■ What you are asked to do ■
Every line in the records below between the one holding "#16814 = LINE ( 'NONE', #28371, #32758 ) ;" and the one holding "#26188 = EDGE_CURVE", inclusive, is to be set down exactly; all other lines are to be left out.

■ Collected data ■
____
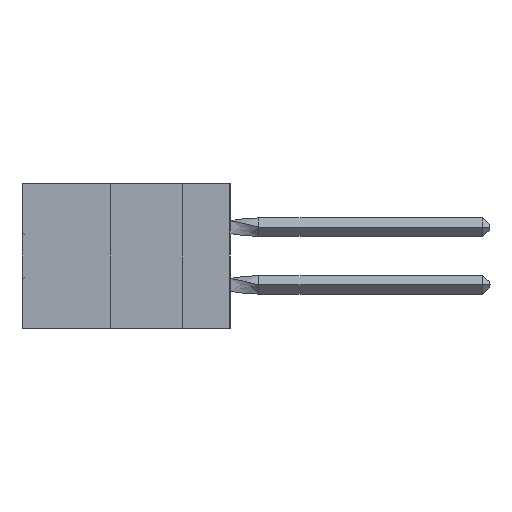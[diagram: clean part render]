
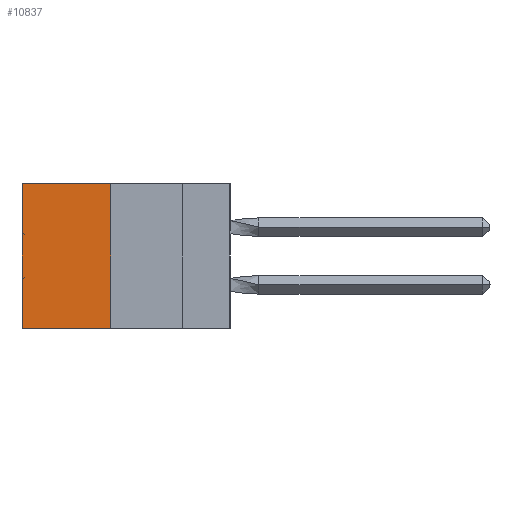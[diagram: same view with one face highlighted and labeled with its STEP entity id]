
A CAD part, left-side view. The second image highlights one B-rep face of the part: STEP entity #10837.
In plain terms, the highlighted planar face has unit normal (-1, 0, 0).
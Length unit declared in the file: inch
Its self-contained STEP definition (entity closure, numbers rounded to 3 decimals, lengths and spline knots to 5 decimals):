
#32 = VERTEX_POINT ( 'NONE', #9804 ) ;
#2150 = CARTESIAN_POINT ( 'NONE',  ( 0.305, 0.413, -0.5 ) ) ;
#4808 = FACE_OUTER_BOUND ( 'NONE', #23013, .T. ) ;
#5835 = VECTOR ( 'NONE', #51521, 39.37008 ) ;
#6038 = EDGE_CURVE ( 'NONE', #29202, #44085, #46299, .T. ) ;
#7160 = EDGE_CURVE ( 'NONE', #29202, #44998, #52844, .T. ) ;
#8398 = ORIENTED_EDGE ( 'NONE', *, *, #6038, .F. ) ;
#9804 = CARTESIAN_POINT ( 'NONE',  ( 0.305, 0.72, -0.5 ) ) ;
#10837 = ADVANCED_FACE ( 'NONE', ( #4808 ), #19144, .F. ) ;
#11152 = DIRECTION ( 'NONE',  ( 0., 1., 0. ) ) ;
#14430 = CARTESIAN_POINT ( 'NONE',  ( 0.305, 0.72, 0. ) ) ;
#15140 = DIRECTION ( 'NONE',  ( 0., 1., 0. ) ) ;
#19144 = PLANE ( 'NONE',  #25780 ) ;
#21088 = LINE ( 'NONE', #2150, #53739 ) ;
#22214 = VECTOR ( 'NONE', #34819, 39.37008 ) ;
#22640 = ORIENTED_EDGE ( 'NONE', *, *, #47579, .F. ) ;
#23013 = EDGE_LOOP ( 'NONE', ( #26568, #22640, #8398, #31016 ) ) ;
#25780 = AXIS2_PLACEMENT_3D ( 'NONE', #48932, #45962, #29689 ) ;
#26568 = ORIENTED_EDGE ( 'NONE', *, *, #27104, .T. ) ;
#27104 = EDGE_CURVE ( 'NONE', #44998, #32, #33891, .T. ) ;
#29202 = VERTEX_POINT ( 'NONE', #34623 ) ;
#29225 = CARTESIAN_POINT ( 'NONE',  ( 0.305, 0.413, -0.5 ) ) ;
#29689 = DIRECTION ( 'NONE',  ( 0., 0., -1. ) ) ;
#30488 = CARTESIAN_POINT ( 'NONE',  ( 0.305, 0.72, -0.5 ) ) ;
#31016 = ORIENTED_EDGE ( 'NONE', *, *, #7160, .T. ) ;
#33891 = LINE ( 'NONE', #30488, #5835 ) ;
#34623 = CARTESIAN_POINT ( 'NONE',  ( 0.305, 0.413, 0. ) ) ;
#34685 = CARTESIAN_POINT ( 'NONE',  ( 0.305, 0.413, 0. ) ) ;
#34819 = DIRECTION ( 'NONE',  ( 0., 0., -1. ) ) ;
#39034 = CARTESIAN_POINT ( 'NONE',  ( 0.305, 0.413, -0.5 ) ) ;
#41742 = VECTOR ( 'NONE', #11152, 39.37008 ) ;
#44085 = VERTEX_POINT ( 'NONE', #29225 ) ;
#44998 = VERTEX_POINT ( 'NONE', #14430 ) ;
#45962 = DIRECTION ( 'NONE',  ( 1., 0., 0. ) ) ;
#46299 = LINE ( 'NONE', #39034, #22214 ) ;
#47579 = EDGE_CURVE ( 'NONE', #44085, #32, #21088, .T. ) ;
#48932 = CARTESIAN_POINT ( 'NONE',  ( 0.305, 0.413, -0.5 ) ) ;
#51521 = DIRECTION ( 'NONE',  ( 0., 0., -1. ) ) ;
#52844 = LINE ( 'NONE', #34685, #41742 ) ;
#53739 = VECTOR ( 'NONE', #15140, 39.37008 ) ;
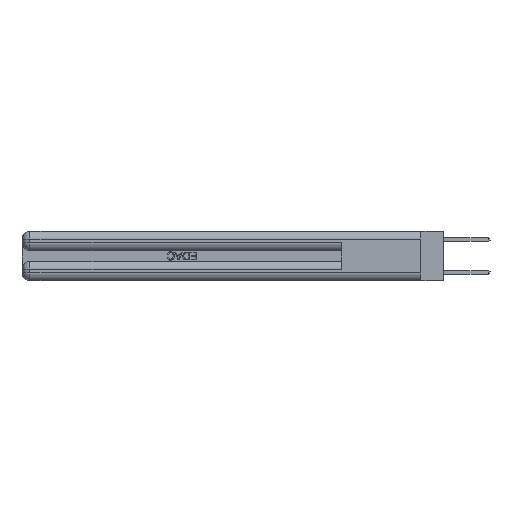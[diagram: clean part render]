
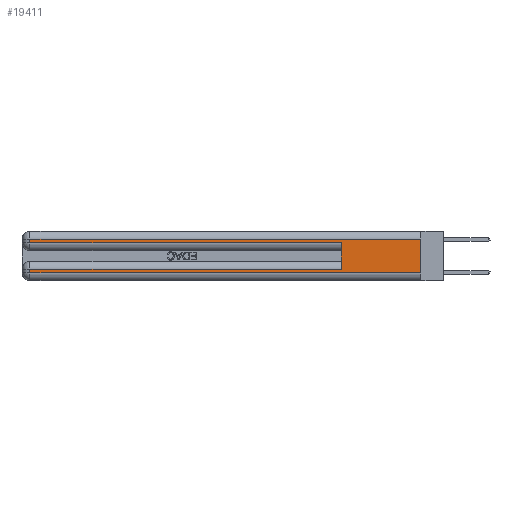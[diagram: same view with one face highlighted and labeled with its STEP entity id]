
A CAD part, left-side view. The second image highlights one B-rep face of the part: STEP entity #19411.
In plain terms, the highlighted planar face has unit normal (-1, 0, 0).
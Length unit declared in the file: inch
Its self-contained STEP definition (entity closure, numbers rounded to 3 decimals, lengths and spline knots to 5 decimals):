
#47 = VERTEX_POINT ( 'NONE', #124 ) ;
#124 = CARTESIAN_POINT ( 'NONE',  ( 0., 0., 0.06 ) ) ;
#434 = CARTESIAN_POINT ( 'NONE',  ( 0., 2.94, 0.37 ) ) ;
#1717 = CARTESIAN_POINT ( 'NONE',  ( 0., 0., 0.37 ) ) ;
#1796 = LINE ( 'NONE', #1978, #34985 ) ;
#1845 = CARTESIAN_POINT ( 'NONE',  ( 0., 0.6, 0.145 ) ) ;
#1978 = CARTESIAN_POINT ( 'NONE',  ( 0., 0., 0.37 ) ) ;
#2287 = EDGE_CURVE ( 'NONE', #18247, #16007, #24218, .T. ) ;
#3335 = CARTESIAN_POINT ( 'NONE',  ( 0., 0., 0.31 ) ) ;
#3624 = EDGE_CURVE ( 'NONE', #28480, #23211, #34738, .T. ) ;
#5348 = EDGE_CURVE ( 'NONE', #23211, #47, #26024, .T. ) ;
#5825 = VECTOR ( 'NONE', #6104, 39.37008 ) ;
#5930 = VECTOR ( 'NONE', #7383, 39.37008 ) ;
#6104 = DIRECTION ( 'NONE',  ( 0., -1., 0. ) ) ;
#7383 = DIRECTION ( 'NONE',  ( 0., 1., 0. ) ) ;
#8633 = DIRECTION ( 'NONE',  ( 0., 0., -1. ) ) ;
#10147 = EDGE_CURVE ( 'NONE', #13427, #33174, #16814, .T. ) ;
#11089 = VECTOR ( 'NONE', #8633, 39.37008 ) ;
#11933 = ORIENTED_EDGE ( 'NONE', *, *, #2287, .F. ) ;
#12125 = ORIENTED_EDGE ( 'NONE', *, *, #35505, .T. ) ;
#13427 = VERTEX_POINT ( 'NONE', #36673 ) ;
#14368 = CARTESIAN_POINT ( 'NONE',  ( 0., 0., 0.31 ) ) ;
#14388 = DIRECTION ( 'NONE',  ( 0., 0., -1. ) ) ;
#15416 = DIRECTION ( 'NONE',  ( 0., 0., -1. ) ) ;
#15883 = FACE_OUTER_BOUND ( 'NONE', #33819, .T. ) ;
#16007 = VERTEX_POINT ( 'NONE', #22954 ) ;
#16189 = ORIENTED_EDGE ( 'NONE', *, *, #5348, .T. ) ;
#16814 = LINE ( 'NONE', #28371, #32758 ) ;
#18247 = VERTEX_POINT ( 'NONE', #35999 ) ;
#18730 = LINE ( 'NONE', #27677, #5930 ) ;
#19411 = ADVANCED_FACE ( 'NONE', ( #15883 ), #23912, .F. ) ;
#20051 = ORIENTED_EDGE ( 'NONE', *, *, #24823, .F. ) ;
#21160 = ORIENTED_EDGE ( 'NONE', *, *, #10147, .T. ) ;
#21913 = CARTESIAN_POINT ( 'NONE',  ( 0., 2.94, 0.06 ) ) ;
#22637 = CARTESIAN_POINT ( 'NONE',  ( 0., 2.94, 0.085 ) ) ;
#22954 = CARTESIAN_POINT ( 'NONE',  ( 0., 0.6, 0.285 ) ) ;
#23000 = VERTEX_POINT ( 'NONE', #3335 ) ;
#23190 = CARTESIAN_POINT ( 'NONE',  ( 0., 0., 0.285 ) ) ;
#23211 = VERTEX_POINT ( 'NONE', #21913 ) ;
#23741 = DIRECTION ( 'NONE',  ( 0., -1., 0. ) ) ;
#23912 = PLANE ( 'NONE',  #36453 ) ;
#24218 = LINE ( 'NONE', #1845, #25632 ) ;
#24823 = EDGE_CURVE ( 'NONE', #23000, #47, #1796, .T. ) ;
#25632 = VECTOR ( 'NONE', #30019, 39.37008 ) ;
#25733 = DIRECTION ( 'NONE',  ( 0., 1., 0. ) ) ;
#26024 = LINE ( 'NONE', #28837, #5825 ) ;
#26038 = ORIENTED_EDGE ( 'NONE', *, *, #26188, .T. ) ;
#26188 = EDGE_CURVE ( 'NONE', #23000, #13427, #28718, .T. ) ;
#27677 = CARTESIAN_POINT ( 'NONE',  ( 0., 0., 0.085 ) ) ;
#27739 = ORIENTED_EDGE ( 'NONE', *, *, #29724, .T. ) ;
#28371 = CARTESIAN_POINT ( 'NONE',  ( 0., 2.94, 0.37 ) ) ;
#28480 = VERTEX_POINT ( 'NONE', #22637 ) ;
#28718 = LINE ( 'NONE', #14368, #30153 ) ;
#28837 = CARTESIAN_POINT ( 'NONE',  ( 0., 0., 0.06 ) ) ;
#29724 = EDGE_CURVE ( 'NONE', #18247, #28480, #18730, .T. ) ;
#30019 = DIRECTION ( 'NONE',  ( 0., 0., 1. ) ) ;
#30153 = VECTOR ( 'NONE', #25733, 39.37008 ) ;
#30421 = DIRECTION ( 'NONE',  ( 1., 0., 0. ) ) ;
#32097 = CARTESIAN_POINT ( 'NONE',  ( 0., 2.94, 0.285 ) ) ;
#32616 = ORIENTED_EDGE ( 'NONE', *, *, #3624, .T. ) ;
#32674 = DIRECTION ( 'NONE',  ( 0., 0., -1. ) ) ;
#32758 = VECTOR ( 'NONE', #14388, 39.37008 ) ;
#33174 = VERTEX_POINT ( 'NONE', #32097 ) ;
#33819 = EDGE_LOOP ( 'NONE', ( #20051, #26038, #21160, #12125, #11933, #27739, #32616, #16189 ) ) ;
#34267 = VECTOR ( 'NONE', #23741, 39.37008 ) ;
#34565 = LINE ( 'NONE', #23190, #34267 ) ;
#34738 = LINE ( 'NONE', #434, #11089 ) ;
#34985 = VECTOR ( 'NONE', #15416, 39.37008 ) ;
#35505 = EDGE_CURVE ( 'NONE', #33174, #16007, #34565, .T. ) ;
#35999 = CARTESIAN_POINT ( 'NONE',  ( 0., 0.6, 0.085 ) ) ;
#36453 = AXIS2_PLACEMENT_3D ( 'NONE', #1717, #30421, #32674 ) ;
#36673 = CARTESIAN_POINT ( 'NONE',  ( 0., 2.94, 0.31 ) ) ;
____
■ Exercise result ■
#16814 = LINE ( 'NONE', #28371, #32758 ) ;
#18247 = VERTEX_POINT ( 'NONE', #35999 ) ;
#18730 = LINE ( 'NONE', #27677, #5930 ) ;
#19411 = ADVANCED_FACE ( 'NONE', ( #15883 ), #23912, .F. ) ;
#20051 = ORIENTED_EDGE ( 'NONE', *, *, #24823, .F. ) ;
#21160 = ORIENTED_EDGE ( 'NONE', *, *, #10147, .T. ) ;
#21913 = CARTESIAN_POINT ( 'NONE',  ( 0., 2.94, 0.06 ) ) ;
#22637 = CARTESIAN_POINT ( 'NONE',  ( 0., 2.94, 0.085 ) ) ;
#22954 = CARTESIAN_POINT ( 'NONE',  ( 0., 0.6, 0.285 ) ) ;
#23000 = VERTEX_POINT ( 'NONE', #3335 ) ;
#23190 = CARTESIAN_POINT ( 'NONE',  ( 0., 0., 0.285 ) ) ;
#23211 = VERTEX_POINT ( 'NONE', #21913 ) ;
#23741 = DIRECTION ( 'NONE',  ( 0., -1., 0. ) ) ;
#23912 = PLANE ( 'NONE',  #36453 ) ;
#24218 = LINE ( 'NONE', #1845, #25632 ) ;
#24823 = EDGE_CURVE ( 'NONE', #23000, #47, #1796, .T. ) ;
#25632 = VECTOR ( 'NONE', #30019, 39.37008 ) ;
#25733 = DIRECTION ( 'NONE',  ( 0., 1., 0. ) ) ;
#26024 = LINE ( 'NONE', #28837, #5825 ) ;
#26038 = ORIENTED_EDGE ( 'NONE', *, *, #26188, .T. ) ;
#26188 = EDGE_CURVE ( 'NONE', #23000, #13427, #28718, .T. ) ;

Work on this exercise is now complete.